Try it -
Please give back word for word the lines of the material below between the line containing "#18=AXIS2_PLACEMENT_3D('',#15,#16,#17);" and the line containing "#26=CARTESIAN_POINT('',(52.,47.,-46.));", inclusive.

Material provided -
Content starts

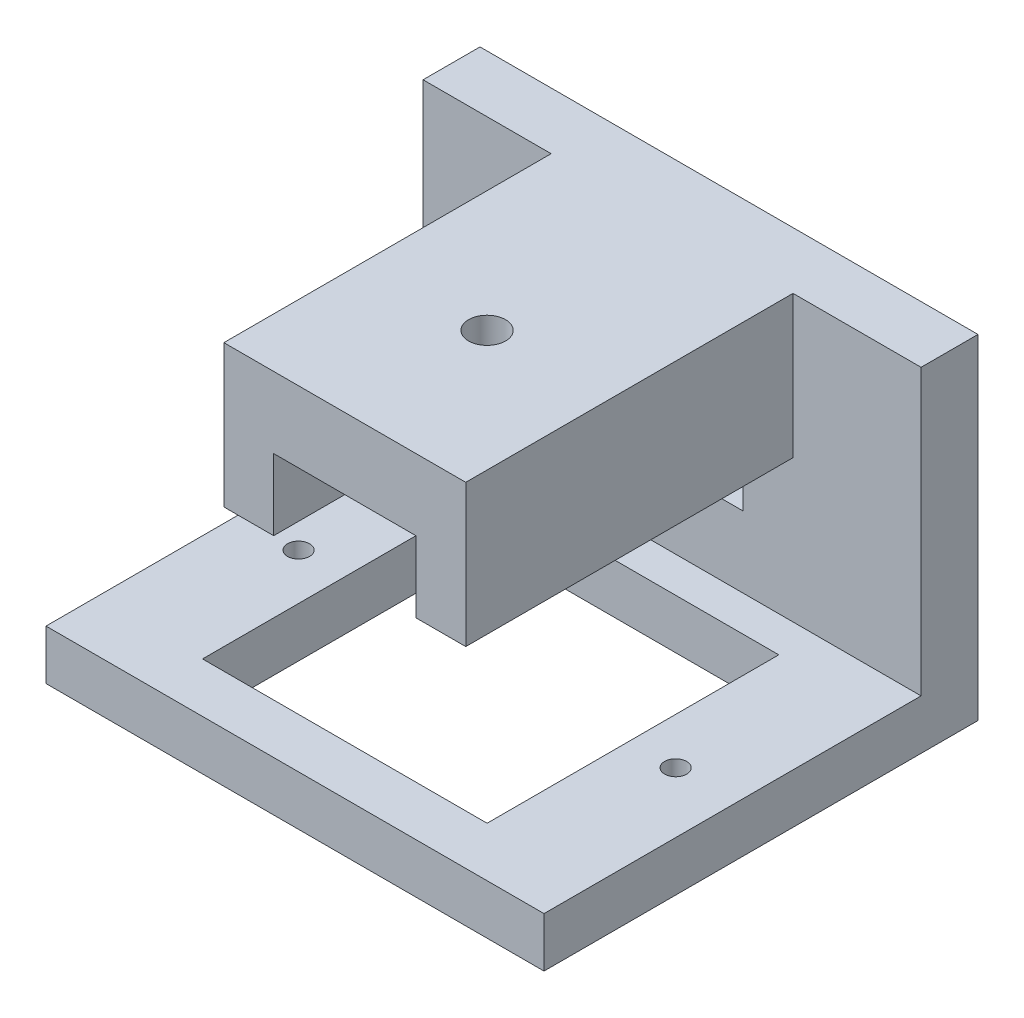
ISO-10303-21;
HEADER;
FILE_DESCRIPTION(('STEP AP214'),'2;1');
FILE_NAME('part.step','',(''),(''),'','','');
FILE_SCHEMA(('AUTOMOTIVE_DESIGN { 1 0 10303 214 1 1 1 1 }'));
ENDSEC;
DATA;
#1=APPLICATION_CONTEXT('core data for automotive mechanical design processes');
#2=APPLICATION_PROTOCOL_DEFINITION('international standard','automotive_design',2000,#1);
#3=PRODUCT_CONTEXT('',#1,'mechanical');
#4=PRODUCT('Part','Part','',(#3));
#5=PRODUCT_RELATED_PRODUCT_CATEGORY('part','',(#4));
#6=PRODUCT_DEFINITION_FORMATION('','',#4);
#7=PRODUCT_DEFINITION_CONTEXT('part definition',#1,'design');
#8=PRODUCT_DEFINITION('design','',#6,#7);
#9=PRODUCT_DEFINITION_SHAPE('','',#8);
#10=(LENGTH_UNIT() NAMED_UNIT(*) SI_UNIT(.MILLI.,.METRE.));
#11=(NAMED_UNIT(*) PLANE_ANGLE_UNIT() SI_UNIT($,.RADIAN.));
#12=(NAMED_UNIT(*) SI_UNIT($,.STERADIAN.) SOLID_ANGLE_UNIT());
#13=UNCERTAINTY_MEASURE_WITH_UNIT(LENGTH_MEASURE(1.E-05),#10,'distance_accuracy_value','');
#14=(GEOMETRIC_REPRESENTATION_CONTEXT(3) GLOBAL_UNCERTAINTY_ASSIGNED_CONTEXT((#13)) GLOBAL_UNIT_ASSIGNED_CONTEXT((#10,
#11,#12)) REPRESENTATION_CONTEXT('',''));
#15=CARTESIAN_POINT('',(0.,0.,0.));
#16=DIRECTION('',(0.,0.,1.));
#17=DIRECTION('',(1.,0.,0.));
#18=AXIS2_PLACEMENT_3D('',#15,#16,#17);
#19=CARTESIAN_POINT('',(0.,47.,-46.));
#20=DIRECTION('',(0.,0.,-1.));
#21=DIRECTION('',(-1.,0.,0.));
#22=AXIS2_PLACEMENT_3D('',#19,#20,#21);
#23=PLANE('',#22);
#24=DIRECTION('',(0.,1.,0.));
#25=VECTOR('',#24,1.);
#26=CARTESIAN_POINT('',(52.,47.,-46.));
#27=LINE('',#26,#25);
#28=CARTESIAN_POINT('',(52.,27.,-46.));
#29=VERTEX_POINT('',#28);
#30=CARTESIAN_POINT('',(52.,47.,-46.));
#31=VERTEX_POINT('',#30);
#32=EDGE_CURVE('E866',#29,#31,#27,.T.);
#33=ORIENTED_EDGE('',*,*,#32,.F.);
#34=DIRECTION('',(1.,0.,0.));
#35=VECTOR('',#34,1.);
#36=CARTESIAN_POINT('',(52.,27.,-46.));
#37=LINE('',#36,#35);
#38=CARTESIAN_POINT('',(45.,27.,-46.));
#39=VERTEX_POINT('',#38);
#40=EDGE_CURVE('E1071',#39,#29,#37,.T.);
#41=ORIENTED_EDGE('',*,*,#40,.F.);
#42=DIRECTION('',(0.,-1.,0.));
#43=VECTOR('',#42,1.);
#44=CARTESIAN_POINT('',(45.,47.,-46.));
#45=LINE('',#44,#43);
#46=CARTESIAN_POINT('',(45.,17.,-46.));
#47=VERTEX_POINT('',#46);
#48=EDGE_CURVE('E14',#39,#47,#45,.T.);
#49=ORIENTED_EDGE('',*,*,#48,.T.);
#50=DIRECTION('',(-1.,0.,0.));
#51=VECTOR('',#50,1.);
#52=CARTESIAN_POINT('',(0.,17.,-46.));
#53=LINE('',#52,#51);
#54=CARTESIAN_POINT('',(25.,17.,-46.));
#55=VERTEX_POINT('',#54);
#56=EDGE_CURVE('E1222',#47,#55,#53,.T.);
#57=ORIENTED_EDGE('',*,*,#56,.T.);
#58=DIRECTION('',(0.,1.,0.));
#59=VECTOR('',#58,1.);
#60=CARTESIAN_POINT('',(25.,47.,-46.));
#61=LINE('',#60,#59);
#62=CARTESIAN_POINT('',(25.,27.,-46.));
#63=VERTEX_POINT('',#62);
#64=EDGE_CURVE('E862',#55,#63,#61,.T.);
#65=ORIENTED_EDGE('',*,*,#64,.T.);
#66=DIRECTION('',(1.,0.,0.));
#67=VECTOR('',#66,1.);
#68=CARTESIAN_POINT('',(25.,27.,-46.));
#69=LINE('',#68,#67);
#70=CARTESIAN_POINT('',(18.,27.,-46.));
#71=VERTEX_POINT('',#70);
#72=EDGE_CURVE('E873',#71,#63,#69,.T.);
#73=ORIENTED_EDGE('',*,*,#72,.F.);
#74=DIRECTION('',(0.,-1.,0.));
#75=VECTOR('',#74,1.);
#76=CARTESIAN_POINT('',(18.,27.,-46.));
#77=LINE('',#76,#75);
#78=CARTESIAN_POINT('',(18.,47.,-46.));
#79=VERTEX_POINT('',#78);
#80=EDGE_CURVE('E1069',#79,#71,#77,.T.);
#81=ORIENTED_EDGE('',*,*,#80,.F.);
#82=DIRECTION('',(1.,0.,0.));
#83=VECTOR('',#82,1.);
#84=CARTESIAN_POINT('',(0.,47.,-46.));
#85=LINE('',#84,#83);
#86=CARTESIAN_POINT('',(0.,47.,-46.));
#87=VERTEX_POINT('',#86);
#88=EDGE_CURVE('E1131',#87,#79,#85,.T.);
#89=ORIENTED_EDGE('',*,*,#88,.F.);
#90=DIRECTION('',(0.,-1.,0.));
#91=VECTOR('',#90,1.);
#92=CARTESIAN_POINT('',(0.,47.,-46.));
#93=LINE('',#92,#91);
#94=CARTESIAN_POINT('',(0.,7.,-46.));
#95=VERTEX_POINT('',#94);
#96=EDGE_CURVE('E1153',#87,#95,#93,.T.);
#97=ORIENTED_EDGE('',*,*,#96,.T.);
#98=DIRECTION('',(1.,0.,0.));
#99=VECTOR('',#98,1.);
#100=CARTESIAN_POINT('',(0.,7.,-46.));
#101=LINE('',#100,#99);
#102=CARTESIAN_POINT('',(70.,7.,-46.));
#103=VERTEX_POINT('',#102);
#104=EDGE_CURVE('E1119',#95,#103,#101,.T.);
#105=ORIENTED_EDGE('',*,*,#104,.T.);
#106=DIRECTION('',(0.,-1.,0.));
#107=VECTOR('',#106,1.);
#108=CARTESIAN_POINT('',(70.,47.,-46.));
#109=LINE('',#108,#107);
#110=CARTESIAN_POINT('',(70.,47.,-46.));
#111=VERTEX_POINT('',#110);
#112=EDGE_CURVE('E1146',#111,#103,#109,.T.);
#113=ORIENTED_EDGE('',*,*,#112,.F.);
#114=EDGE_CURVE('E1135',#31,#111,#85,.T.);
#115=ORIENTED_EDGE('',*,*,#114,.F.);
#116=EDGE_LOOP('',(#33,#41,#49,#57,#65,#73,#81,#89,#97,#105,#113,#115));
#117=FACE_BOUND('',#116,.T.);
#118=ADVANCED_FACE('F852',(#117),#23,.F.);
#119=CARTESIAN_POINT('',(55.,7.,0.));
#120=DIRECTION('',(-1.,0.,0.));
#121=DIRECTION('',(0.,0.,1.));
#122=AXIS2_PLACEMENT_3D('',#119,#120,#121);
#123=PLANE('',#122);
#124=DIRECTION('',(0.,0.,-1.));
#125=VECTOR('',#124,1.);
#126=CARTESIAN_POINT('',(55.,0.,0.));
#127=LINE('',#126,#125);
#128=CARTESIAN_POINT('',(55.,0.,0.));
#129=VERTEX_POINT('',#128);
#130=CARTESIAN_POINT('',(55.,0.,-41.));
#131=VERTEX_POINT('',#130);
#132=EDGE_CURVE('E1165',#129,#131,#127,.T.);
#133=ORIENTED_EDGE('',*,*,#132,.F.);
#134=DIRECTION('',(0.,-1.,0.));
#135=VECTOR('',#134,1.);
#136=CARTESIAN_POINT('',(55.,7.,0.));
#137=LINE('',#136,#135);
#138=CARTESIAN_POINT('',(55.,7.,0.));
#139=VERTEX_POINT('',#138);
#140=EDGE_CURVE('E1217',#139,#129,#137,.T.);
#141=ORIENTED_EDGE('',*,*,#140,.F.);
#142=DIRECTION('',(0.,0.,-1.));
#143=VECTOR('',#142,1.);
#144=CARTESIAN_POINT('',(55.,7.,0.));
#145=LINE('',#144,#143);
#146=CARTESIAN_POINT('',(55.,7.,-41.));
#147=VERTEX_POINT('',#146);
#148=EDGE_CURVE('E1174',#139,#147,#145,.T.);
#149=ORIENTED_EDGE('',*,*,#148,.T.);
#150=DIRECTION('',(0.,-1.,0.));
#151=VECTOR('',#150,1.);
#152=CARTESIAN_POINT('',(55.,7.,-41.));
#153=LINE('',#152,#151);
#154=EDGE_CURVE('E1193',#147,#131,#153,.T.);
#155=ORIENTED_EDGE('',*,*,#154,.T.);
#156=EDGE_LOOP('',(#133,#141,#149,#155));
#157=FACE_BOUND('',#156,.T.);
#158=ADVANCED_FACE('F855',(#157),#123,.T.);
#159=CARTESIAN_POINT('',(70.,7.,0.));
#160=DIRECTION('',(-1.,0.,0.));
#161=DIRECTION('',(0.,0.,1.));
#162=AXIS2_PLACEMENT_3D('',#159,#160,#161);
#163=PLANE('',#162);
#164=DIRECTION('',(0.,0.,-1.));
#165=VECTOR('',#164,1.);
#166=CARTESIAN_POINT('',(70.,0.,0.));
#167=LINE('',#166,#165);
#168=CARTESIAN_POINT('',(70.,0.,7.));
#169=VERTEX_POINT('',#168);
#170=CARTESIAN_POINT('',(70.,0.,-54.));
#171=VERTEX_POINT('',#170);
#172=EDGE_CURVE('E1006',#169,#171,#167,.T.);
#173=ORIENTED_EDGE('',*,*,#172,.T.);
#174=DIRECTION('',(0.,-1.,0.));
#175=VECTOR('',#174,1.);
#176=CARTESIAN_POINT('',(70.,7.,-54.));
#177=LINE('',#176,#175);
#178=CARTESIAN_POINT('',(70.,47.,-54.));
#179=VERTEX_POINT('',#178);
#180=EDGE_CURVE('E1216',#179,#171,#177,.T.);
#181=ORIENTED_EDGE('',*,*,#180,.F.);
#182=DIRECTION('',(0.,0.,-1.));
#183=VECTOR('',#182,1.);
#184=CARTESIAN_POINT('',(70.,47.,-54.));
#185=LINE('',#184,#183);
#186=EDGE_CURVE('E1136',#111,#179,#185,.T.);
#187=ORIENTED_EDGE('',*,*,#186,.F.);
#188=ORIENTED_EDGE('',*,*,#112,.T.);
#189=DIRECTION('',(0.,0.,-1.));
#190=VECTOR('',#189,1.);
#191=CARTESIAN_POINT('',(70.,7.,0.));
#192=LINE('',#191,#190);
#193=CARTESIAN_POINT('',(70.,7.,7.));
#194=VERTEX_POINT('',#193);
#195=EDGE_CURVE('E1180',#194,#103,#192,.T.);
#196=ORIENTED_EDGE('',*,*,#195,.F.);
#197=DIRECTION('',(0.,1.,0.));
#198=VECTOR('',#197,1.);
#199=CARTESIAN_POINT('',(70.,7.,7.));
#200=LINE('',#199,#198);
#201=EDGE_CURVE('E1011',#169,#194,#200,.T.);
#202=ORIENTED_EDGE('',*,*,#201,.F.);
#203=EDGE_LOOP('',(#173,#181,#187,#188,#196,#202));
#204=FACE_BOUND('',#203,.T.);
#205=ADVANCED_FACE('F1275',(#204),#163,.F.);
#206=CARTESIAN_POINT('',(0.,7.,-54.));
#207=DIRECTION('',(0.,0.,-1.));
#208=DIRECTION('',(-1.,0.,0.));
#209=AXIS2_PLACEMENT_3D('',#206,#207,#208);
#210=PLANE('',#209);
#211=DIRECTION('',(0.,-1.,0.));
#212=VECTOR('',#211,1.);
#213=CARTESIAN_POINT('',(45.,37.,-54.));
#214=LINE('',#213,#212);
#215=CARTESIAN_POINT('',(45.,37.,-54.));
#216=VERTEX_POINT('',#215);
#217=CARTESIAN_POINT('',(45.,17.,-54.));
#218=VERTEX_POINT('',#217);
#219=EDGE_CURVE('E1098',#216,#218,#214,.T.);
#220=ORIENTED_EDGE('',*,*,#219,.F.);
#221=DIRECTION('',(1.,0.,0.));
#222=VECTOR('',#221,1.);
#223=CARTESIAN_POINT('',(45.,37.,-54.));
#224=LINE('',#223,#222);
#225=CARTESIAN_POINT('',(25.,37.,-54.));
#226=VERTEX_POINT('',#225);
#227=EDGE_CURVE('E1112',#226,#216,#224,.T.);
#228=ORIENTED_EDGE('',*,*,#227,.F.);
#229=DIRECTION('',(0.,1.,0.));
#230=VECTOR('',#229,1.);
#231=CARTESIAN_POINT('',(25.,37.,-54.));
#232=LINE('',#231,#230);
#233=CARTESIAN_POINT('',(25.,17.,-54.));
#234=VERTEX_POINT('',#233);
#235=EDGE_CURVE('E1110',#234,#226,#232,.T.);
#236=ORIENTED_EDGE('',*,*,#235,.F.);
#237=DIRECTION('',(-1.,0.,0.));
#238=VECTOR('',#237,1.);
#239=CARTESIAN_POINT('',(45.,17.,-54.));
#240=LINE('',#239,#238);
#241=EDGE_CURVE('E1104',#218,#234,#240,.T.);
#242=ORIENTED_EDGE('',*,*,#241,.F.);
#243=EDGE_LOOP('',(#220,#228,#236,#242));
#244=FACE_BOUND('',#243,.T.);
#245=DIRECTION('',(1.,0.,0.));
#246=VECTOR('',#245,1.);
#247=CARTESIAN_POINT('',(0.,0.,-54.));
#248=LINE('',#247,#246);
#249=CARTESIAN_POINT('',(0.,0.,-54.));
#250=VERTEX_POINT('',#249);
#251=EDGE_CURVE('E1002',#250,#171,#248,.T.);
#252=ORIENTED_EDGE('',*,*,#251,.F.);
#253=DIRECTION('',(0.,-1.,0.));
#254=VECTOR('',#253,1.);
#255=CARTESIAN_POINT('',(0.,7.,-54.));
#256=LINE('',#255,#254);
#257=CARTESIAN_POINT('',(0.,47.,-54.));
#258=VERTEX_POINT('',#257);
#259=EDGE_CURVE('E993',#258,#250,#256,.T.);
#260=ORIENTED_EDGE('',*,*,#259,.F.);
#261=DIRECTION('',(-1.,0.,0.));
#262=VECTOR('',#261,1.);
#263=CARTESIAN_POINT('',(0.,47.,-54.));
#264=LINE('',#263,#262);
#265=EDGE_CURVE('E1145',#179,#258,#264,.T.);
#266=ORIENTED_EDGE('',*,*,#265,.F.);
#267=ORIENTED_EDGE('',*,*,#180,.T.);
#268=EDGE_LOOP('',(#252,#260,#266,#267));
#269=FACE_BOUND('',#268,.T.);
#270=ADVANCED_FACE('F1274',(#244,#269),#210,.T.);
#271=CARTESIAN_POINT('',(0.,7.,0.));
#272=DIRECTION('',(-1.,0.,0.));
#273=DIRECTION('',(0.,0.,1.));
#274=AXIS2_PLACEMENT_3D('',#271,#272,#273);
#275=PLANE('',#274);
#276=DIRECTION('',(0.,0.,-1.));
#277=VECTOR('',#276,1.);
#278=CARTESIAN_POINT('',(0.,0.,0.));
#279=LINE('',#278,#277);
#280=CARTESIAN_POINT('',(0.,0.,7.));
#281=VERTEX_POINT('',#280);
#282=EDGE_CURVE('E986',#281,#250,#279,.T.);
#283=ORIENTED_EDGE('',*,*,#282,.F.);
#284=DIRECTION('',(0.,-1.,0.));
#285=VECTOR('',#284,1.);
#286=CARTESIAN_POINT('',(0.,7.,7.));
#287=LINE('',#286,#285);
#288=CARTESIAN_POINT('',(0.,7.,7.));
#289=VERTEX_POINT('',#288);
#290=EDGE_CURVE('E994',#289,#281,#287,.T.);
#291=ORIENTED_EDGE('',*,*,#290,.F.);
#292=DIRECTION('',(0.,0.,-1.));
#293=VECTOR('',#292,1.);
#294=CARTESIAN_POINT('',(0.,7.,0.));
#295=LINE('',#294,#293);
#296=EDGE_CURVE('E1185',#289,#95,#295,.T.);
#297=ORIENTED_EDGE('',*,*,#296,.T.);
#298=ORIENTED_EDGE('',*,*,#96,.F.);
#299=DIRECTION('',(0.,0.,1.));
#300=VECTOR('',#299,1.);
#301=CARTESIAN_POINT('',(0.,47.,-54.));
#302=LINE('',#301,#300);
#303=EDGE_CURVE('E1129',#258,#87,#302,.T.);
#304=ORIENTED_EDGE('',*,*,#303,.F.);
#305=ORIENTED_EDGE('',*,*,#259,.T.);
#306=EDGE_LOOP('',(#283,#291,#297,#298,#304,#305));
#307=FACE_BOUND('',#306,.T.);
#308=ADVANCED_FACE('F988',(#307),#275,.T.);
#309=CARTESIAN_POINT('',(15.,7.,0.));
#310=DIRECTION('',(-1.,0.,0.));
#311=DIRECTION('',(0.,0.,1.));
#312=AXIS2_PLACEMENT_3D('',#309,#310,#311);
#313=PLANE('',#312);
#314=DIRECTION('',(0.,0.,-1.));
#315=VECTOR('',#314,1.);
#316=CARTESIAN_POINT('',(15.,0.,0.));
#317=LINE('',#316,#315);
#318=CARTESIAN_POINT('',(15.,0.,0.));
#319=VERTEX_POINT('',#318);
#320=CARTESIAN_POINT('',(15.,0.,-41.));
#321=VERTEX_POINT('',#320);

Content ends

Your solution -
#18=AXIS2_PLACEMENT_3D('',#15,#16,#17);
#19=CARTESIAN_POINT('',(0.,47.,-46.));
#20=DIRECTION('',(0.,0.,-1.));
#21=DIRECTION('',(-1.,0.,0.));
#22=AXIS2_PLACEMENT_3D('',#19,#20,#21);
#23=PLANE('',#22);
#24=DIRECTION('',(0.,1.,0.));
#25=VECTOR('',#24,1.);
#26=CARTESIAN_POINT('',(52.,47.,-46.));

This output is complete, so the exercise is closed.